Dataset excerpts
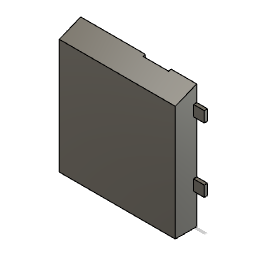
ArduinoCover (Autodesk Fusion 360 design; units mm, degrees)
Autodesk Fusion 360 part; units mm, degrees
sketch "Sketch1" plane through (0, 0, 0) normal (0, 0, 1) x (1, 0, 0) in component "Cover"
  line L0 (20, 20) -> (128, 20)
  line L1 (128, 20) -> (128, 135)
  line L2 (128, 135) -> (20, 135)
  line L3 (20, 135) -> (20, 20)
  dimension "d1" = 20
  dimension "d2" = 20
  dimension "d3" = 115
  dimension "d4" = 108
  constraint horizontal L0
  constraint vertical L1
  constraint horizontal L2
  constraint vertical L3
  measures "d1" horizontal distance of origin L0.start
  measures "d2" vertical distance of origin L0.start
  measures "d3" distance of L0.start L2.end
  measures "d4" distance of L1.end L2.end
extrude "Extrude1" add sketch "Sketch1" along normal blind 20 in component "Cover"
sketch "Sketch2" plane through (0, 0, 0) normal (0, 0, -1) x (-1, 0, 0) in component "Cover"
  line L0 (-20, 20) -> (-20, 135)
  line L1 (-20, 135) -> (-128, 135)
  line L2 (-128, 135) -> (-128, 20)
  line L3 (-128, 20) -> (-20, 20)
  line L4 (-126, 104) -> (-22, 104)
  line L5 (-22, 104) -> (-22, 22)
  line L6 (-22, 22) -> (-126, 22)
  line L7 (-126, 22) -> (-126, 104)
  dimension "d8" = 2
  dimension "d10" = 2
  dimension "d28" = 82
  dimension "d29" = 104
  constraint horizontal L4
  constraint vertical L5
  constraint horizontal L6
  constraint vertical L7
  measures "d8" horizontal distance of L1.end L4.start
  measures "d10" vertical distance of L0.start L5.end
  measures "d28" distance of L4.start L6.end
  measures "d29" distance of L5.end L6.end
extrude "Extrude2" cut sketch "Sketch2" against normal blind 18 contours L4 L5 L6 L7 in component "Cover"
sketch "Sketch3" plane through (20, 0, 0) normal (-1, 0, 0) x (0, 0, 1) in component "Cover"
  line L0 (0, 135) -> (0, 20)
  line L1 (0, 20) -> (20, 20)
  line L2 (20, 20) -> (20, 135)
  line L3 (20, 135) -> (0, 135)
  line L4 (0, 58) -> (14, 58)
  line L5 (14, 58) -> (14, 42)
  line L6 (14, 42) -> (0, 42)
  line L7 (20, 135) -> (0, 135)
  line L8 (0, 135) -> (20, 127)
  line L9 (0, 120) -> (3, 120)
  line L10 (3, 120) -> (3, 110)
  line L11 (3, 110) -> (0, 110)
  line L12 (0, 110) -> (0, 120)
  line L13 (0, 70) -> (3, 70)
  line L14 (3, 70) -> (3, 60)
  line L15 (3, 60) -> (0, 60)
  line L16 (0, 60) -> (0, 70)
  dimension "d13" = 14
  dimension "d14" = 16
  dimension "d16" = 22
  dimension "d30" = 8
  dimension "d51" = 3
  dimension "d52" = 10
  dimension "d53" = 3
  dimension "d54" = 10
  dimension "d55" = 90
  dimension "d56" = 40
  constraint horizontal L4
  constraint vertical L5
  constraint horizontal L6
  constraint coincident L0.start L3.end
  constraint coincident L2.end L3.start
  constraint coincident L0 L4.start
  constraint coincident L0 L6.end
  constraint coincident L2 L8.end
  constraint horizontal L9
  constraint vertical L10
  constraint horizontal L11
  constraint vertical L12
  constraint coincident L0 L9.start
  constraint horizontal L13
  constraint vertical L14
  constraint horizontal L15
  constraint vertical L16
  measures "d13" distance of L5.end L6.end
  measures "d14" distance of L4.end L5.end
  measures "d16" vertical distance of L0.end L6.end
  measures "d30" distance of L2.end L8.end
  measures "d51" distance of L13.start L14
  measures "d52" distance of L13.end L14.end
  measures "d53" distance of L10.end L11.end
  measures "d54" distance of L9.end L10.end
  measures "d55" distance of L0.end L11.end
  measures "d56" distance of L0.end L15.end
sketch "Sketch1 (2)" plane through (0, 20, 0) normal (0, -1, 0) x (1, 0, 0)
  line L0 (20, 0) -> (128, 0)
  line L1 (128, 0) -> (128, 20)
  line L2 (128, 20) -> (20, 20)
  line L3 (20, 20) -> (20, 0)
  line L4 (95, 5) -> (107, 5)
  line L5 (107, 5) -> (107, 10)
  line L6 (107, 10) -> (95, 10)
  line L7 (95, 10) -> (95, 5)
  point P0 (20, 0)
  dimension "d22" = 5
  dimension "d23" = 12
  dimension "d24" = 75
  dimension "d25" = 5
  constraint horizontal L4
  constraint vertical L5
  constraint horizontal L6
  constraint vertical L7
  measures "d22" distance of L4.start L6.end
  measures "d23" distance of L5.end L6.end
  measures "d24" horizontal distance of L4.start P0
  measures "d25" vertical distance of L4.start P0
extrude "Extrude6" cut sketch "Sketch3" against normal up to surface (108 mm away) contours L2 L3 L7 L8 in component "Cover"
sketch "Sketch2 (2)" plane through (0, 0, 0) normal (0, 0, -1) x (-1, 0, 0)
  line L0 (-22, 104) -> (-22, 22)
  line L1 (-22, 22) -> (-126, 22)
  line L2 (-126, 22) -> (-126, 104)
  line L3 (-126, 104) -> (-22, 104)
  line L4 (-20, 20) -> (-20, 135)
  line L5 (-20, 135) -> (-128, 135)
  line L6 (-128, 135) -> (-128, 20)
  line L7 (-128, 20) -> (-20, 20)
  line L8 (-104, 104) -> (-80, 104)
  line L9 (-80, 104) -> (-80, 125)
  line L10 (-80, 125) -> (-104, 125)
  line L11 (-104, 125) -> (-104, 104)
  line L12 (-104, 125) -> (-80, 125)
  line L13 (-80, 125) -> (-80, 135)
  line L14 (-80, 135) -> (-104, 135)
  line L15 (-104, 135) -> (-104, 125)
  dimension "d33" = 21
  dimension "d34" = 24
  dimension "d35" = 22
  dimension "d36" = 24
  constraint horizontal L8
  constraint vertical L9
  constraint horizontal L10
  constraint vertical L11
  constraint coincident L3 L8.start
  constraint horizontal L12
  constraint vertical L13
  constraint horizontal L14
  constraint vertical L15
  constraint coincident L5 L13.end
  measures "d33" distance of L8.end L9.end
  measures "d34" distance of L9.end L10.end
  measures "d35" distance of L2.end L8.start
  measures "d36" distance of L13.end L14.end
extrude "Extrude7" cut sketch "Sketch2 (2)" against normal up to surface (18 mm away) contours L3 L8 L9 L10 L11 L12 in component "Cover"
extrude "Extrude8" cut sketch "Sketch2 (2)" against normal blind 2 contours L5 L10 L12 L13 L14 L15 in component "Cover"
extrude "Extrude9" cut sketch "Sketch3" against normal up to surface (2 mm away) contours L0 L4 L5 L6 in component "Cover"
sketch "Sketch3 (2)" plane through (128, 0, 0) normal (1, 0, 0) x (0, 0, -1)
  line L0 (0, 135) -> (-20, 127)
  line L1 (-20, 127) -> (-20, 20)
  line L2 (-20, 20) -> (0, 20)
  line L3 (0, 20) -> (0, 135)
  line L4 (0, 120) -> (-3, 120)
  line L5 (-3, 120) -> (-3, 110)
  line L6 (-3, 110) -> (0, 110)
  line L7 (0, 110) -> (0, 120)
  line L8 (0, 60) -> (-3, 60)
  line L9 (-3, 60) -> (-3, 50)
  line L10 (-3, 50) -> (0, 50)
  line L11 (0, 50) -> (0, 60)
  dimension "d43" = 3
  dimension "d44" = 10
  dimension "d45" = 10
  dimension "d46" = 3
  dimension "d47" = 30
  dimension "d48" = 50
  constraint horizontal L4
  constraint vertical L5
  constraint horizontal L6
  constraint vertical L7
  constraint coincident L3 L4.start
  constraint horizontal L8
  constraint vertical L9
  constraint horizontal L10
  constraint vertical L11
  constraint coincident L3 L8.start
  measures "d43" distance of L8.start L8.end
  measures "d44" distance of L8.end L9.end
  measures "d45" distance of L4.end L5.end
  measures "d46" distance of L5.end L6.end
  measures "d47" distance of L2.end L10.end
  measures "d48" distance of L6.end L8.start
extrude "Extrude10" add sketch "Sketch3 (2)" along normal blind 10 contours L3 L4 L5 L6 L7 | L3 L8 L9 L10 L11 in component "Cover"
extrude "Extrude11" add sketch "Sketch3" along normal blind 10 contours L0 L9 L10 L11 L12 | L0 L13 L14 L15 L16 in component "Cover"
component "Cover" placed x (1, 0, 0) y (0, 1, 0) z (0, 0, 1) at (0, 0, 0)

▸ **Your objective**
Give back exactly the lines above, from the line containing "of L2.end L8.start" through the line containing "10 contours L3", with both end lines and nothing more.

▸ **Written response**
  measures "d35" distance of L2.end L8.start
  measures "d36" distance of L13.end L14.end
extrude "Extrude7" cut sketch "Sketch2 (2)" against normal up to surface (18 mm away) contours L3 L8 L9 L10 L11 L12 in component "Cover"
extrude "Extrude8" cut sketch "Sketch2 (2)" against normal blind 2 contours L5 L10 L12 L13 L14 L15 in component "Cover"
extrude "Extrude9" cut sketch "Sketch3" against normal up to surface (2 mm away) contours L0 L4 L5 L6 in component "Cover"
sketch "Sketch3 (2)" plane through (128, 0, 0) normal (1, 0, 0) x (0, 0, -1)
  line L0 (0, 135) -> (-20, 127)
  line L1 (-20, 127) -> (-20, 20)
  line L2 (-20, 20) -> (0, 20)
  line L3 (0, 20) -> (0, 135)
  line L4 (0, 120) -> (-3, 120)
  line L5 (-3, 120) -> (-3, 110)
  line L6 (-3, 110) -> (0, 110)
  line L7 (0, 110) -> (0, 120)
  line L8 (0, 60) -> (-3, 60)
  line L9 (-3, 60) -> (-3, 50)
  line L10 (-3, 50) -> (0, 50)
  line L11 (0, 50) -> (0, 60)
  dimension "d43" = 3
  dimension "d44" = 10
  dimension "d45" = 10
  dimension "d46" = 3
  dimension "d47" = 30
  dimension "d48" = 50
  constraint horizontal L4
  constraint vertical L5
  constraint horizontal L6
  constraint vertical L7
  constraint coincident L3 L4.start
  constraint horizontal L8
  constraint vertical L9
  constraint horizontal L10
  constraint vertical L11
  constraint coincident L3 L8.start
  measures "d43" distance of L8.start L8.end
  measures "d44" distance of L8.end L9.end
  measures "d45" distance of L4.end L5.end
  measures "d46" distance of L5.end L6.end
  measures "d47" distance of L2.end L10.end
  measures "d48" distance of L6.end L8.start
extrude "Extrude10" add sketch "Sketch3 (2)" along normal blind 10 contours L3 L4 L5 L6 L7 | L3 L8 L9 L10 L11 in component "Cover"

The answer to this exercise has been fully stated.